Quincy belt rond etenstijd.
‘Hoe laat moet ik thuis zijn vannacht?’
‘Liefst niet te laat. Kunnen we even overleggen?’
‘Goed, ik kom er aan.’

Een half uur later arriveert hij en komt binnen via de achterdeur. Manlief overhandigt hem zwijgend een bord salade. De kinderen zitten allemaal aan tafel. Quincy neemt plaats aan de kop van de tafel.
‘Hoe gaat het?’ vraagt Manlief met volle mond. Quincy kijkt op en staart wat langs hem heen naar de muur.
‘Gaat het goed in Purmerend?’ kom ik tussenbeide, ‘word je niet meer lastiggevallen door die jongens?’
‘Jawel. Dat is al een paar keer gebeurd. Toen ik ze ben tegengekomen.’
‘Wat? En toen?’
‘Ze gooiden een nitraat bom naar me.’ Ik zwijg. Deze informatie moet even indalen.
‘Maak je niet druk hoor, ma, ik heb een wapen bij me. Zij gaan eraan als ze te dicht bij mij komen.’ Hij vertelt het alsof het gaat om een stevige handdruk in plaats van een potentiële moord. Niemand spreekt. Er valt weinig te zeggen.

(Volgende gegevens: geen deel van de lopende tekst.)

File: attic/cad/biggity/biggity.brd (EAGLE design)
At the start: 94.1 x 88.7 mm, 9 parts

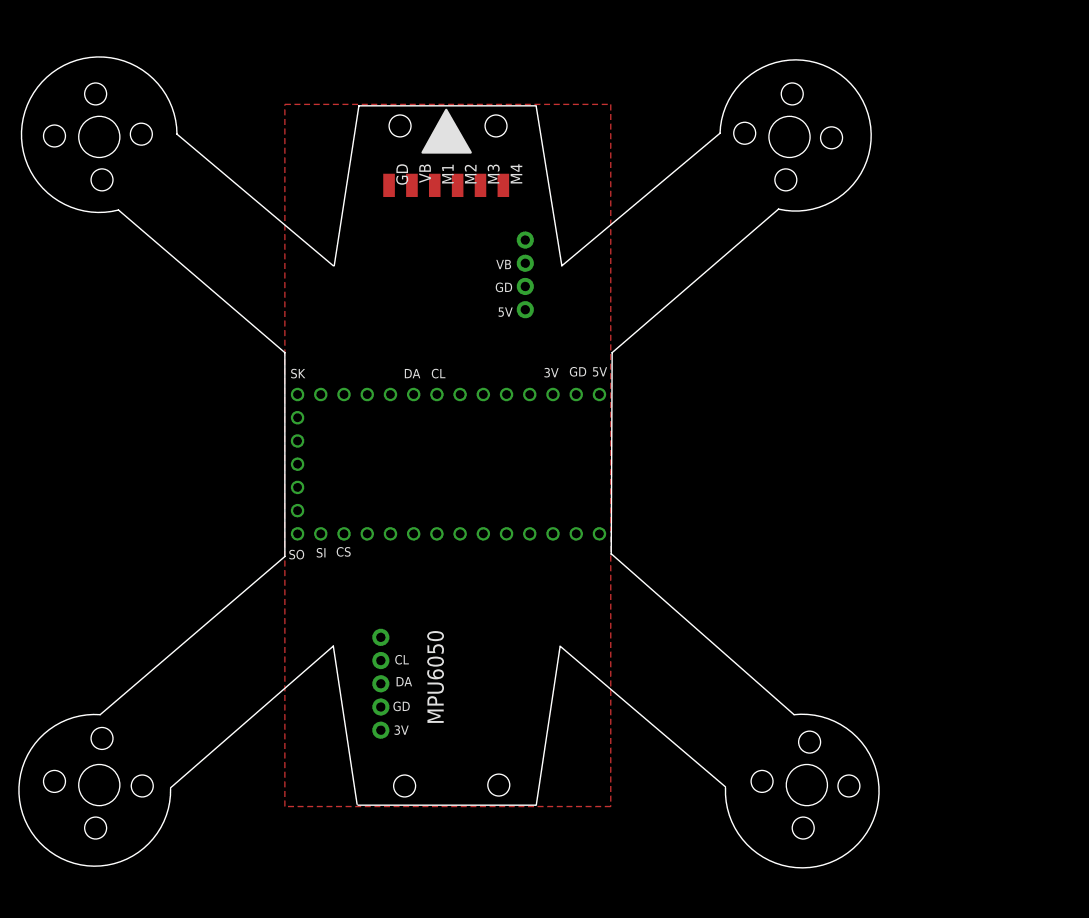
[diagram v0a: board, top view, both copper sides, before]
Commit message: new file:   cad/fc.brd
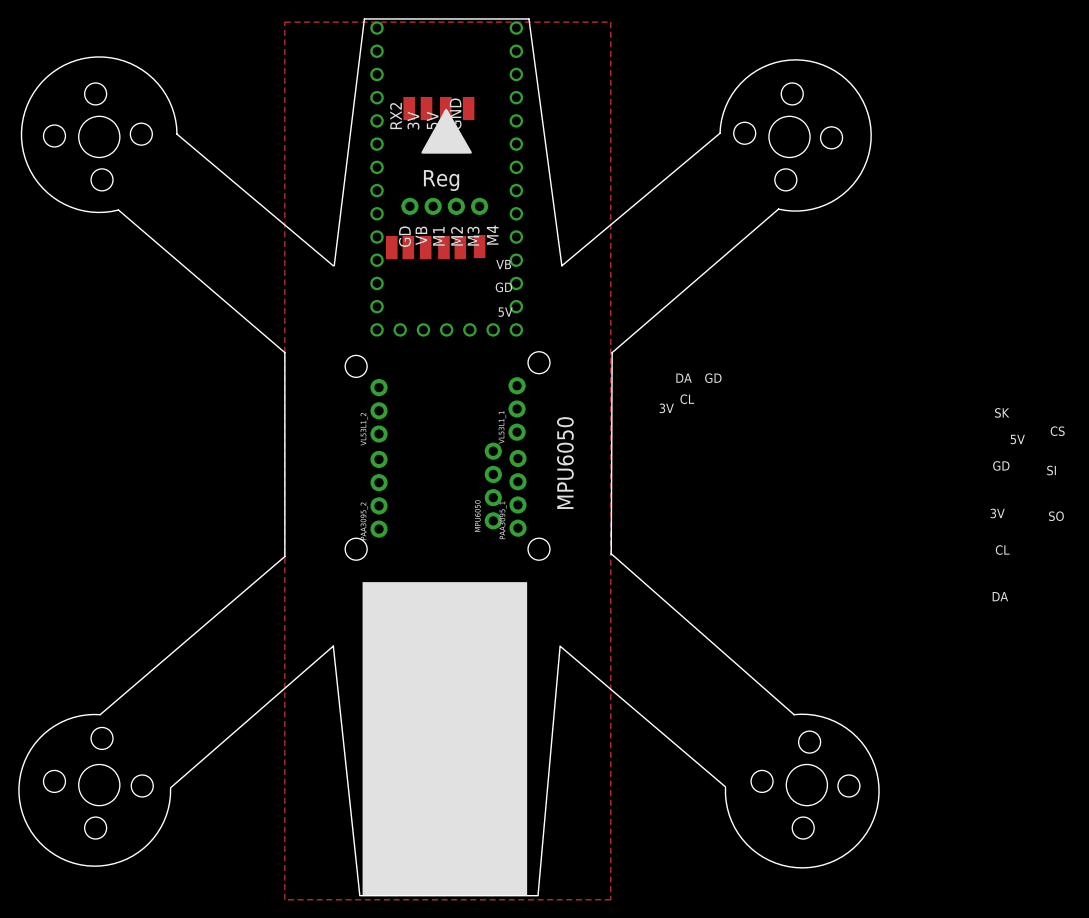
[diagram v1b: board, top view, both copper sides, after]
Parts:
- added 3V, 5V, GND, RX2: (no value), wirepad:SMD1,27-2,54
- added PAA3095_1, PAA3095_2: (no value), SparkFun-Connectors:1X04_NO_SILK
- added TINYPICO: (no value), SparkFun-Connectors:1X05_NO_SILK
- added VL53L1_1, VL53L1_2: (no value), SparkFun-Connectors:1X03_NO_SILK
- MPU6050: device SparkFun-Connectors:1X05_NO_SILK -> SparkFun-Connectors:1X04_NO_SILK
- moved U$1 31.2 mm to (53.2, 82.3), turned to 270 degrees
- moved MPU6050 26.0 mm to (58.3, 44.9)
- moved REG 12.4 mm to (56.8, 79.3), turned to 180 degrees
- moved M4 7.19 mm to (56.8, 74.9)
- moved M3 7.15 mm to (54.7, 74.8)
- moved M2 6.96 mm to (52.9, 74.8)
- moved M1 6.87 mm to (50.9, 74.8)
- moved VB 6.81 mm to (49.0, 74.8)
- moved GD 6.81 mm to (47.2, 74.8)
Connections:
- new net RX1: TINYPICO.2
- new net RX2: RX2.1
- new net TX1: TINYPICO.1
- net 3V3: now also 3V.1
- net 5V: now also 5V.1, TINYPICO.4
- net GND: now also GND.1, TINYPICO.5
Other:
- board size 94.1 x 88.7 mm -> 94.1 x 95.9 mm
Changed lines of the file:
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@@
 <plain>
 <text x="60.3326" y="73.4508" size="1.016" layer="25" rot="R180">VB</text>
-<hole x="48.1" y="88.1" drill="2.4"/>
-<hole x="58.6" y="88.1" drill="2.4"/>
+<hole x="43.3" y="41.8" drill="2.4"/>
+<hole x="63.3" y="62.2" drill="2.4"/>
 <polygon width="0.254" layer="21">
 <vertex x="50.56389375" y="85.19500625"/>
@@
 <vertex x="55.827196875" y="85.19500625"/>
 </polygon>
-<hole x="48.6" y="15.9" drill="2.4"/>
-<hole x="58.9" y="16" drill="2.4"/>
+<hole x="43.3" y="61.8" drill="2.4"/>
+<hole x="63.3" y="41.8" drill="2.4"/>
 <wire x1="71.3" y1="63.3" x2="71.2" y2="41.2" width="0.1524" layer="20"/>
-<wire x1="43.6" y1="90.3" x2="63" y2="90.3" width="0.1524" layer="20"/>
-<wire x1="43.5" y1="13.8" x2="62.9" y2="13.8" width="0.1524" layer="20"/>
-<wire x1="40.8" y1="31.2" x2="43.4" y2="13.9" width="0.1524" layer="20"/>
-<wire x1="65.6" y1="31.1" x2="63" y2="13.8" width="0.1524" layer="20"/>
-<wire x1="43.6" y1="90.3" x2="40.9" y2="72.8" width="0.1524" layer="20"/>
-<wire x1="63" y1="90.2" x2="65.8" y2="72.8" width="0.1524" layer="20"/>
-<text x="35.9" y="40.7" size="1.016" layer="25">SO</text>
-<text x="38.9" y="40.9" size="1.016" layer="25">SI</text>
-<text x="36.1" y="60.5" size="1.016" layer="25">SK</text>
-<text x="41.1" y="41" size="1.016" layer="25">CS</text>
+<wire x1="44.2" y1="99.8" x2="62.2" y2="99.8" width="0.1524" layer="20"/>
+<wire x1="43.8" y1="3.9" x2="63.2" y2="3.9" width="0.1524" layer="20"/>
+<wire x1="40.8" y1="31.2" x2="43.7" y2="3.9" width="0.1524" layer="20"/>
+<wire x1="65.6" y1="31.1" x2="63.2" y2="4" width="0.1524" layer="20"/>
+<wire x1="44.2" y1="99.8" x2="40.9" y2="72.8" width="0.1524" layer="20"/>
+<wire x1="62.2" y1="99.8" x2="65.8" y2="72.8" width="0.1524" layer="20"/>
+<text x="119" y="44.9" size="1.016" layer="25">SO</text>
+<text x="118.8" y="49.9" size="1.016" layer="25">SI</text>
+<text x="113.1" y="56.2" size="1.016" layer="25">SK</text>
+<text x="119.2" y="54.2" size="1.016" layer="25">CS</text>
 <wire x1="65.8" y1="72.8" x2="83.1" y2="87.3" width="0.1524" layer="20"/>
 <wire x1="71.3" y1="63.3" x2="89.5" y2="79" width="0.1524" layer="20"/>
@@
 <wire x1="23" y1="15.6" x2="15.3" y2="23.7" width="0.1524" layer="20" curve="-275.323414"/>
 <wire x1="91.2" y1="23.7" x2="83.7" y2="15.7" width="0.1524" layer="20" curve="-278.537787"/>
-<text x="51.095503125" y="32.993903125" size="1.778" layer="25" rot="R270">MPU6050</text>
-<text x="47.3" y="24.1" size="1.016" layer="25">GD</text>
-<text x="47.4" y="21.5" size="1.016" layer="25">3V</text>
-<text x="47.6" y="26.8" size="1.016" layer="25">DA</text>
-<text x="47.5" y="29.2" size="1.016" layer="25">CL</text>
+<text x="65.295503125" y="56.393903125" size="1.778" layer="25" rot="R270">MPU6050</text>
+<text x="81.4" y="60" size="1.016" layer="25">GD</text>
+<text x="76.4" y="56.7" size="1.016" layer="25">3V</text>
+<text x="78.2" y="60" size="1.016" layer="25">DA</text>
+<text x="78.7" y="57.7" size="1.016" layer="25">CL</text>
 <text x="60.4326" y="68.2508" size="1.016" layer="25" rot="R180">5V</text>
-<text x="57.695503125" y="70.193903125" size="1.778" layer="26" rot="SMR0">Reg</text>
+<text x="50.495503125" y="81.493903125" size="1.778" layer="25">Reg</text>
 <text x="60.4326" y="70.9508" size="1.016" layer="25" rot="R180">GD</text>
-<text x="66.6" y="60.7" size="1.016" layer="25">GD</text>
-<text x="63.8" y="60.6" size="1.016" layer="25">3V</text>
-<text x="69.1" y="60.7" size="1.016" layer="25">5V</text>
-<text x="48.5" y="60.5" size="1.016" layer="25">DA</text>
-<text x="51.5" y="60.5" size="1.016" layer="25">CL</text>
+<text x="112.9" y="50.4" size="1.016" layer="25">GD</text>
+<text x="112.6" y="45.2" size="1.016" layer="25">3V</text>
+<text x="114.8" y="53.3" size="1.016" layer="25">5V</text>
+<text x="112.8" y="36.1" size="1.016" layer="25">DA</text>
+<text x="113.2" y="41.2" size="1.016" layer="25">CL</text>
+<rectangle x1="44" y1="3.9" x2="62" y2="38.2" layer="21"/>
 </plain>
 <attributes>
@@
 </autorouter>
 <elements>
-<element name="MPU6050" library="SparkFun-Connectors" package="1X05_NO_SILK" value="" x="46" y="22" smashed="yes" rot="R90">
-<attribute name="VALUE" x="48.032" y="20.73" size="0.6096" layer="27" font="vector" ratio="20" rot="R90"/>
+<element name="REG" library="SparkFun-Connectors" package="1X04_NO_SILK" value="" x="56.8" y="79.3" smashed="yes" rot="R180">
+<attribute name="PROD_ID" value="CONN-09696" x="56.8" y="79.3" size="1.778" layer="27" rot="R180" display="off"/>
+<attribute name="VALUE" x="58.07" y="81.332" size="0.6096" layer="27" font="vector" ratio="20" rot="R180"/>
 </element>
-<element name="REG" library="SparkFun-Connectors" package="1X04_NO_SILK" value="" x="61.8" y="68" smashed="yes" rot="R90">
-<attribute name="PROD_ID" value="CONN-09696" x="61.8" y="68" size="1.778" layer="27" rot="R90" display="off"/>
-<attribute name="VALUE" x="63.832" y="66.73" size="0.6096" layer="27" font="vector" ratio="20" rot="R90"/>
+<element name="GD" library="wirepad" package="SMD1,27-2,54" value="" x="47.2" y="74.8" rot="R180"/>
+<element name="VB" library="wirepad" package="SMD1,27-2,54" value="" x="49" y="74.8" rot="R180"/>
+<element name="M1" library="wirepad" package="SMD1,27-2,54" value="" x="50.9" y="74.8" rot="R180"/>
+<element name="M2" library="wirepad" package="SMD1,27-2,54" value="" x="52.9" y="74.8" rot="R180"/>
+<element name="M3" library="wirepad" package="SMD1,27-2,54" value="" x="54.7" y="74.8" rot="R180"/>
+<element name="M4" library="wirepad" package="SMD1,27-2,54" value="" x="56.8" y="74.9" rot="R180"/>
+<element name="U$1" library="TEENSY 4.0" package="TEENSY_4.0" value="TEENSY_4.0" x="53.2" y="82.3" rot="SMR270"/>
+<element name="TINYPICO" library="SparkFun-Connectors" package="1X05_NO_SILK" value="" x="45.7" y="18.2" rot="R270"/>
+<element name="GND" library="wirepad" package="SMD1,27-2,54" value="" x="55.6" y="90"/>
+<element name="5V" library="wirepad" package="SMD1,27-2,54" value="" x="53.1" y="90"/>
+<element name="3V" library="wirepad" package="SMD1,27-2,54" value="" x="51" y="90"/>
+<element name="RX2" library="wirepad" package="SMD1,27-2,54" value="" x="49.1" y="90"/>
+<element name="VL53L1_1" library="SparkFun-Connectors" package="1X03_NO_SILK" value="" x="60.9" y="54.6" rot="R90"/>
+<element name="VL53L1_2" library="SparkFun-Connectors" package="1X03_NO_SILK" value="" x="45.8" y="54.4" rot="R90"/>
+<element name="PAA3095_1" library="SparkFun-Connectors" package="1X04_NO_SILK" value="" x="61" y="44.1" rot="R90">
+<attribute name="PROD_ID" value="CONN-09696" x="61" y="44.1" size="1.778" layer="27" rot="R90" display="off"/>
 </element>
-<element name="GD" library="wirepad" package="SMD1,27-2,54" value="" x="46.9" y="81.6" rot="R180"/>
-<element name="VB" library="wirepad" package="SMD1,27-2,54" value="" x="49.4" y="81.6" rot="R180"/>
-<element name="M1" library="wirepad" package="SMD1,27-2,54" value="" x="51.9" y="81.6" rot="R180"/>
-<element name="M2" library="wirepad" package="SMD1,27-2,54" value="" x="54.4" y="81.6" rot="R180"/>
-<element name="M3" library="wirepad" package="SMD1,27-2,54" value="" x="56.9" y="81.6" rot="R180"/>
-<element name="M4" library="wirepad" package="SMD1,27-2,54" value="" x="59.4" y="81.6" rot="R180"/>
-<element name="U$1" library="TEENSY 4.0" package="TEENSY_4.0" value="TEENSY_4.0" x="53.4" y="51.1" rot="SMR0"/>
+<element name="PAA3095_2" library="SparkFun-Connectors" package="1X04_NO_SILK" value="" x="45.8" y="44" rot="R90">
+<attribute name="PROD_ID" value="CONN-09696" x="45.8" y="44" size="1.778" layer="27" rot="R90" display="off"/>
+</element>
+<element name="MPU6050" library="SparkFun-Connectors" package="1X04_NO_SILK" value="" x="58.3" y="44.9" rot="R90">
+<attribute name="PROD_ID" value="CONN-09696" x="58.3" y="44.9" size="1.778" layer="27" rot="R90" display="off"/>
+</element>
 </elements>
 <signals>
 <signal name="3V3">
+<contactref element="3V" pad="1"/>
 <contactref element="MPU6050" pad="1"/>
+<wire x1="58.3" y1="44.9" x2="51" y2="90" width="0" layer="19" extent="1-1"/>
 </signal>
 <signal name="GND">
 <polygon width="0.3048" layer="1">
-<vertex x="71.15" y="90.456"/>
-<vertex x="71.15" y="13.65"/>
-<vertex x="35.5" y="13.65"/>
-<vertex x="35.5" y="90.456"/>
+<vertex x="71.15" y="99.456"/>
+<vertex x="71.15" y="3.45"/>
+<vertex x="35.5" y="3.45"/>
+<vertex x="35.5" y="99.456"/>
 </polygon>
 <contactref element="REG" pad="2"/>
 <contactref element="GD" pad="1"/>
+<contactref element="TINYPICO" pad="5"/>
+<contactref element="GND" pad="1"/>
 <contactref element="MPU6050" pad="2"/>
-<wire x1="46.9" y1="81.6" x2="61.8" y2="70.54" width="0" layer="19" extent="1-1"/>
-<wire x1="46" y1="24.54" x2="61.8" y2="70.54" width="0" layer="19" extent="1-1"/>
+<wire x1="47.2" y1="74.8" x2="55.6" y2="90" width="0" layer="19" extent="1-1"/>
+<wire x1="54.26" y1="79.3" x2="47.2" y2="74.8" width="0" layer="19" extent="1-1"/>
+<wire x1="58.3" y1="47.44" x2="47.2" y2="74.8" width="0" layer="19" extent="1-1"/>
+<wire x1="45.7" y1="8.04" x2="58.3" y2="47.44" width="0" layer="19" extent="1-1"/>
 </signal>
 <signal name="SDA">
@@
 <signal name="5V">
 <contactref element="REG" pad="1"/>
+<contactref element="TINYPICO" pad="4"/>
+<contactref element="5V" pad="1"/>
+<wire x1="56.8" y1="79.3" x2="45.7" y2="10.58" width="0" layer="19" extent="1-1"/>
+<wire x1="53.1" y1="90" x2="56.8" y2="79.3" width="0" layer="19" extent="1-1"/>
 </signal>
 <signal name="VBAT">
 <contactref element="REG" pad="3"/>
 <contactref element="VB" pad="1"/>
-<wire x1="49.4" y1="81.6" x2="61.8" y2="73.08" width="0" layer="19" extent="1-1"/>
+<wire x1="49" y1="74.8" x2="51.72" y2="79.3" width="0" layer="19" extent="1-1"/>
 </signal>
 <signal name="M1">
@@
 <contactref element="M4" pad="1"/>
 </signal>
+<signal name="RX2">
+<contactref element="RX2" pad="1"/>
+</signal>
+<signal name="RX1">
+<contactref element="TINYPICO" pad="2"/>
+</signal>
+<signal name="TX1">
+<contactref element="TINYPICO" pad="1"/>
+</signal>
 </signals>

We brengen een bezoek aan de hoofdpijnpoli in het BovenIJ ziekenhuis te Amsterdam. Het is rustig op de afdeling, maar de wachttijd is lang. Mevrouw Cluster, neurologe, kijkt vluchtig in mijn dossier en werpt dan een korte blik op mij.
‘Hoe komt u er in vredesnaam bij dat u migraine heeft?’ vraagt ze scherp. Haar ogen staan lodderig, alsof ze te moe is om ze open te houden. Het gezicht heeft een licht geërgerde trek. Het lijkt erop dat ze me eigenlijk wil vragen waarom ik me zo aanstel en het nodig vind om hier te zijn.
‘Nou,’ begin ik verdedigend, ‘dat is me door een aantal artsen verteld. Daarom.’
‘U heeft spierspanningshoofdpijn. Kijk maar eens naar uw houding.’ Ze schuift haar stoel aan en werpt een steelse blik op de hoorbaar tikkende klok aan de wand. Vijf uur.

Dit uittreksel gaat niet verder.